Aunque las ciencias sociales han desterrado las metáforas biológicas hace mucho tiempo, se escucha con insistencia hablar del “ADN del kirchnerismo”. Sus cosas buenas y malas se explicarían, desde este punto de vista, por sus genes. Pero si analizamos la última década encontramos continuidades y características comunes tanto como cambios y redefiniciones. Nadie se mantiene una década en el poder sin modificar sus estrategias. A la vez, podremos ver diferentes sectores que, acordando con el núcleo central de las políticas oficiales, se distinguen en el énfasis, las estrategias y los estilos. Cada vez se hace más evidente que resulta apropiado hablar de los kirchnerismos, en plural.

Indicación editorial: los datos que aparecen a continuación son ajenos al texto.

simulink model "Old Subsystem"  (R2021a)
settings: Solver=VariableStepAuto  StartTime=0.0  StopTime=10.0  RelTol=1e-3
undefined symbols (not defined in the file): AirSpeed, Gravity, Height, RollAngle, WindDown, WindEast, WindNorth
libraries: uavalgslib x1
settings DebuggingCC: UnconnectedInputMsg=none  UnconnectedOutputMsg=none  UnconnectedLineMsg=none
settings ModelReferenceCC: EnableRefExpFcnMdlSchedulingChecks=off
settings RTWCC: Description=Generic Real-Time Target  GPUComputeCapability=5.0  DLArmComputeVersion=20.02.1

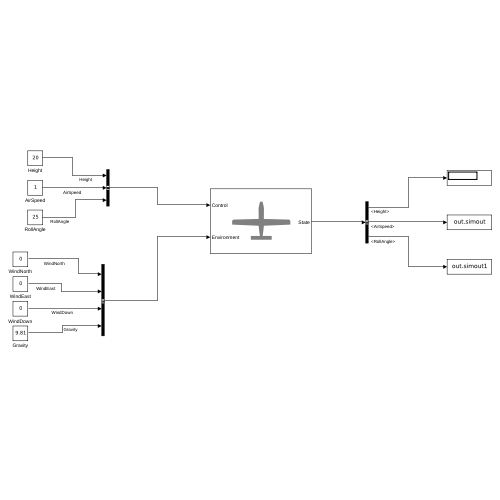
[thumbnail: Simulink's stored preview of the top-level diagram]
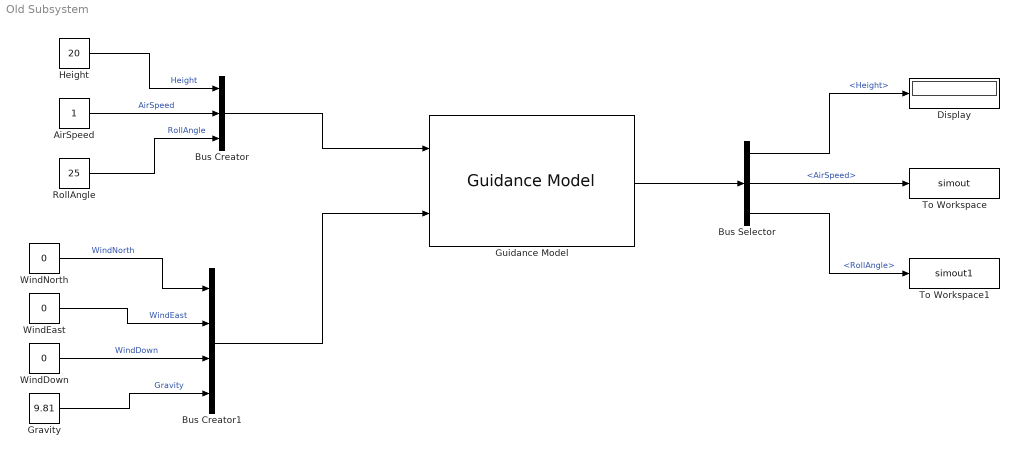
== system Old Subsystem ==
  AirSpeed : Constant
  Bus Creator : BusCreator  Inputs=Height,AirSpeed,RollAngle  OutDataTypeStr=Bus: FixedWingGuidanceControlBus  NonVirtualBus=on
  Bus Creator1 : BusCreator  Inputs=WindNorth,WindEast,WindDown,Gravity  OutDataTypeStr=Bus: FixedWingGuidanceEnvironmentBus  NonVirtualBus=on
  Bus Selector : BusSelector  OutputSignals=Height,AirSpeed,RollAngle
  Display : Display
  Gravity : Constant  Value=9.81
  Guidance Model : uavalgslib/Guidance Model  ModelType=FixedWingGuidance  SpecifiedDataType=double  SimulateUsing=Interpreted execution  InitialWorldPositionMultirotor=[0; 0; 0]  InitialWorldVelocityMultirotor=[0; 0; 0]  InitialEulerZYXMultirotor=[0; 0; 0]  InitialBodyAngularRateRPYMultirotor=[0; 0; 0]  InitialThrustMultirotor=0  InitialNorthFixedWing=0  InitialEastFixedWing=0  InitialHeightFixedWing=0  InitialAirSpeedFixedWing=0  InitialHeadingAngleFixedWing=0  InitialFlightPathAngleFixedWing=0  InitialRollAngleFixedWing=0  InitialRollAngleRateFixedWing=0  PDRollMultirotor=[3402.97,116.67]  PDPitchMultirotor=[3402.97, 116.67]  PYawRateMultirotor=1950  PThrustMultirotor=3900  MassMultirotor=0.1  PHeightFixedWing=3.9  PHeadingAngleFixedWing=3.9  PFlightPathAngleFixedWing=39  PDRollFixedWing=[3402.97, 116.67]  PAirSpeedFixedWing=1  FlightPathAngleLimitsFixedWing=[-pi/2, pi/2]  StateBusName='FixedWingGuidanceStateBus'  ControlBusName='FixedWingGuidanceControlBus'  EnvironmentBusName='FixedWingGuidanceEnvironmentBus'  DataType=double
  Height : Constant  Value=20
  RollAngle : Constant  Value=25
  To Workspace : ToWorkspace  VariableName=simout  SaveFormat=Timeseries  SampleTime=-1
  To Workspace1 : ToWorkspace  VariableName=simout1  SaveFormat=Timeseries  SampleTime=-1
  WindDown : Constant  Value=0
  WindEast : Constant  Value=0
  WindNorth : Constant  Value=0
  wires:
  Height/1 -> Bus Creator/1  "Height"
  AirSpeed/1 -> Bus Creator/2  "AirSpeed"
  RollAngle/1 -> Bus Creator/3  "RollAngle"
  Bus Creator/1 -> Guidance Model/1
  WindNorth/1 -> Bus Creator1/1  "WindNorth"
  WindEast/1 -> Bus Creator1/2  "WindEast"
  WindDown/1 -> Bus Creator1/3  "WindDown"
  Gravity/1 -> Bus Creator1/4  "Gravity"
  Bus Creator1/1 -> Guidance Model/2
  Guidance Model/1 -> Bus Selector/1
  Bus Selector/2 -> To Workspace/1  "<AirSpeed>"
  Bus Selector/1 -> Display/1  "<Height>"
  Bus Selector/3 -> To Workspace1/1  "<RollAngle>"

En este sentido, buena parte del futuro depende de cómo el propio kirchnerismo entienda su lugar en el juego y su capacidad de construcción hegemónica. Decíamos al inicio que los actores políticos no siempre se destacan en el manejo del tiempo, y en este sentido los resultados de las elecciones de octubre serán leídos como un pronóstico de los comicios presidenciales del 2015. Desde luego, no caben dudas de que una elección configura un mapa relevante. Pero los pronósticos se ofrecen por doquier, a los precios más variados: ¿o acaso las elecciones de 1987 permitían pronosticar el ascenso de Menem o las del 2001 el de Kirchner? ¿Alguien hubiera previsto en el 2009 la victoria de Cristina en el 2011? Leer adecuadamente un resultado electoral implica no sólo preguntarse por el mapa sino también por los posibles caminos que cada uno de los protagonistas recorrerá en los dos años sucesivos. Insistamos: un jugador no necesariamente hará las mejores jugadas, y si queda alguna duda alcanza con mirar la trayectoria de Francisco de Narváez.
* Antropólogo.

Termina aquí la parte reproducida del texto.